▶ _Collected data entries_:
....................

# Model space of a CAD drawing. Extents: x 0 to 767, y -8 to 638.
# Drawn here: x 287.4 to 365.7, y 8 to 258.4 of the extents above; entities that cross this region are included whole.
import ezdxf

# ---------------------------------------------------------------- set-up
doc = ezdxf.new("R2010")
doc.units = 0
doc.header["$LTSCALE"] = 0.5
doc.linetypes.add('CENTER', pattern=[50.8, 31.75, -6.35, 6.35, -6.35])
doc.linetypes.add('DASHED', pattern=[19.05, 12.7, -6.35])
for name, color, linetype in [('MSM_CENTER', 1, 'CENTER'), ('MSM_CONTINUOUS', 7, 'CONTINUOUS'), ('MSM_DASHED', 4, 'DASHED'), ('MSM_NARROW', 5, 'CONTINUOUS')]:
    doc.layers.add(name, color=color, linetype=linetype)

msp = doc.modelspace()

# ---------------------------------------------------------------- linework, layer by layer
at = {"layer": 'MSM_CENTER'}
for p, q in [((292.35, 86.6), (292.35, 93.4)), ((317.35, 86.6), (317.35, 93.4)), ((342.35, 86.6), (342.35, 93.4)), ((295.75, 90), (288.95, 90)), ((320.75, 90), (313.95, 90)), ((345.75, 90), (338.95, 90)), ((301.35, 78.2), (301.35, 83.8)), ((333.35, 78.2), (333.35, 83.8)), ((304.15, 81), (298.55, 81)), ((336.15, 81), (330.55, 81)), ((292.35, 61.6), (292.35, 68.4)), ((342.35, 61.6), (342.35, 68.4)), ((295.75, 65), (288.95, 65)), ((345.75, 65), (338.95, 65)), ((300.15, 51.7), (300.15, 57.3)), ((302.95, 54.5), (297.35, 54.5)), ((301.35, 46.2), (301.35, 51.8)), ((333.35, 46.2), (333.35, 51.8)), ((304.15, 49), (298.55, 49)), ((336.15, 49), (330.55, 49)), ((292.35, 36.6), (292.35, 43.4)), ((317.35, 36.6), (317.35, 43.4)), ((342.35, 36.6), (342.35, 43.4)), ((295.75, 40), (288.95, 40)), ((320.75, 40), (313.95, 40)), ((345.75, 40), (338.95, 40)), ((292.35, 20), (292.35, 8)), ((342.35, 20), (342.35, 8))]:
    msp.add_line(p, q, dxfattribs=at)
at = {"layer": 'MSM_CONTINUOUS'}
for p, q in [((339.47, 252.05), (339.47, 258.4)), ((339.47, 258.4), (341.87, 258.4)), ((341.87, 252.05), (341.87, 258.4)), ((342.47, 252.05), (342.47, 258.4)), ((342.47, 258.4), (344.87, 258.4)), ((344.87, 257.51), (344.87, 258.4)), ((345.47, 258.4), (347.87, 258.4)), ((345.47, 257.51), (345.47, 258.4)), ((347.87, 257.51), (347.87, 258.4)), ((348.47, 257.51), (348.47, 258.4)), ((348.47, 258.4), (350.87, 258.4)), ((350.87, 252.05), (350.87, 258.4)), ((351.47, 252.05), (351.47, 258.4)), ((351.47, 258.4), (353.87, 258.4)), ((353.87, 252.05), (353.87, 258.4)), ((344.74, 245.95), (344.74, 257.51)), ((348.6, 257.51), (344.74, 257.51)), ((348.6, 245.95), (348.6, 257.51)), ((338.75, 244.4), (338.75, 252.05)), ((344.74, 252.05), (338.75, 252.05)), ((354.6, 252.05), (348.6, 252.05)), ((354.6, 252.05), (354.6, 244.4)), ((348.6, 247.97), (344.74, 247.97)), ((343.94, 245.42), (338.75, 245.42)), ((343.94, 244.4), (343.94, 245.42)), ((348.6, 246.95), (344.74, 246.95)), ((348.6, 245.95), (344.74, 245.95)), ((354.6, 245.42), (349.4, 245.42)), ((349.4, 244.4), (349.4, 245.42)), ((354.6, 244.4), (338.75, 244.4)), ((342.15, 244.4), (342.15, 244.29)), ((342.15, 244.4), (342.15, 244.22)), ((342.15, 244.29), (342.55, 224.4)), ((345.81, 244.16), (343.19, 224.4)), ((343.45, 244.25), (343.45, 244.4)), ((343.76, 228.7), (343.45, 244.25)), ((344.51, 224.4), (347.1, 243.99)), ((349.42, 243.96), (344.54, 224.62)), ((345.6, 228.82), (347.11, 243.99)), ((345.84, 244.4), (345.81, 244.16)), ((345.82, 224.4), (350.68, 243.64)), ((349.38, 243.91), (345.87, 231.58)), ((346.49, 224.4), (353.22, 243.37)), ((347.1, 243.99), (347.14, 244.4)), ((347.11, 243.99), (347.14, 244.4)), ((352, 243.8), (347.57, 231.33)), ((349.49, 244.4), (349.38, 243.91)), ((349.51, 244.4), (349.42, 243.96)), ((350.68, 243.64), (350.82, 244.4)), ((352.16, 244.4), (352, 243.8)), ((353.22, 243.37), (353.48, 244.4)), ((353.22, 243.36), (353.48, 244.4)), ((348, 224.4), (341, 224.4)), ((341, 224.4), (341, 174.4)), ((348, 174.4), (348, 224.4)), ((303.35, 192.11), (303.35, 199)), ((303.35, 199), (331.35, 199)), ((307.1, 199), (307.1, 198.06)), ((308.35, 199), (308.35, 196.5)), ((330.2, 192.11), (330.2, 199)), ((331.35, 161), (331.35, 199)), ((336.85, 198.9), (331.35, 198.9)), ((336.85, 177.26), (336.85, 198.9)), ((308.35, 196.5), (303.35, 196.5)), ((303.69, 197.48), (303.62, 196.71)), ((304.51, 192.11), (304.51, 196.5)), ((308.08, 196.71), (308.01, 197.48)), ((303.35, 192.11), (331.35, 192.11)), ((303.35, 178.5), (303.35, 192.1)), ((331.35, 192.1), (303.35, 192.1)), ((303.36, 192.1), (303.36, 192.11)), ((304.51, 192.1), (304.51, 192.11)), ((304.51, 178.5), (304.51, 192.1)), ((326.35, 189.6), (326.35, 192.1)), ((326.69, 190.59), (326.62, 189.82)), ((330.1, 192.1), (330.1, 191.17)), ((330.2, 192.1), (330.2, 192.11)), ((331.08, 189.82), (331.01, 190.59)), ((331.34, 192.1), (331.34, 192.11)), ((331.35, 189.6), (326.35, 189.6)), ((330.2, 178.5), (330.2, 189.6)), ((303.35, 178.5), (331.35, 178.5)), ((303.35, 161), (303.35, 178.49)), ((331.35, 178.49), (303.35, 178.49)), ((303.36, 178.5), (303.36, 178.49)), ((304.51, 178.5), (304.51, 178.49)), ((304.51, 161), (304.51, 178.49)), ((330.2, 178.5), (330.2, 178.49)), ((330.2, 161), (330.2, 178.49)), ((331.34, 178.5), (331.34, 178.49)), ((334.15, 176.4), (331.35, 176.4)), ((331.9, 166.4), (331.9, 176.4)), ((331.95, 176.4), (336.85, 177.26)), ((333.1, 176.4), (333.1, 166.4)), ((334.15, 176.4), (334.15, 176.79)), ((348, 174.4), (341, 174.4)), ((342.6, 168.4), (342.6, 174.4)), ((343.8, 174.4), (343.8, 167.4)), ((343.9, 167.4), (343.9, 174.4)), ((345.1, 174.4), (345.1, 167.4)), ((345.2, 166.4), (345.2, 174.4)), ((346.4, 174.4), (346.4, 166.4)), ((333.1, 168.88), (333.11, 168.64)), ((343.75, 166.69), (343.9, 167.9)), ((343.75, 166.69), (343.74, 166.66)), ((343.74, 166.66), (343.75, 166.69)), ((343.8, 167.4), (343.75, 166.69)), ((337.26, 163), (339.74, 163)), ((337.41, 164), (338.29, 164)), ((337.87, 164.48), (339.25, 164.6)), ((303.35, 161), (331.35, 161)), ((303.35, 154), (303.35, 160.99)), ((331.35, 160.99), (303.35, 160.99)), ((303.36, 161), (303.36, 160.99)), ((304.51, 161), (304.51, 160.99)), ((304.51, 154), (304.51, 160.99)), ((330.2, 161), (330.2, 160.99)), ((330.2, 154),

....................

▶ _To do_:
Report the number of lines above containing the word "color", with no other text.

▶ _Problem solution_:
2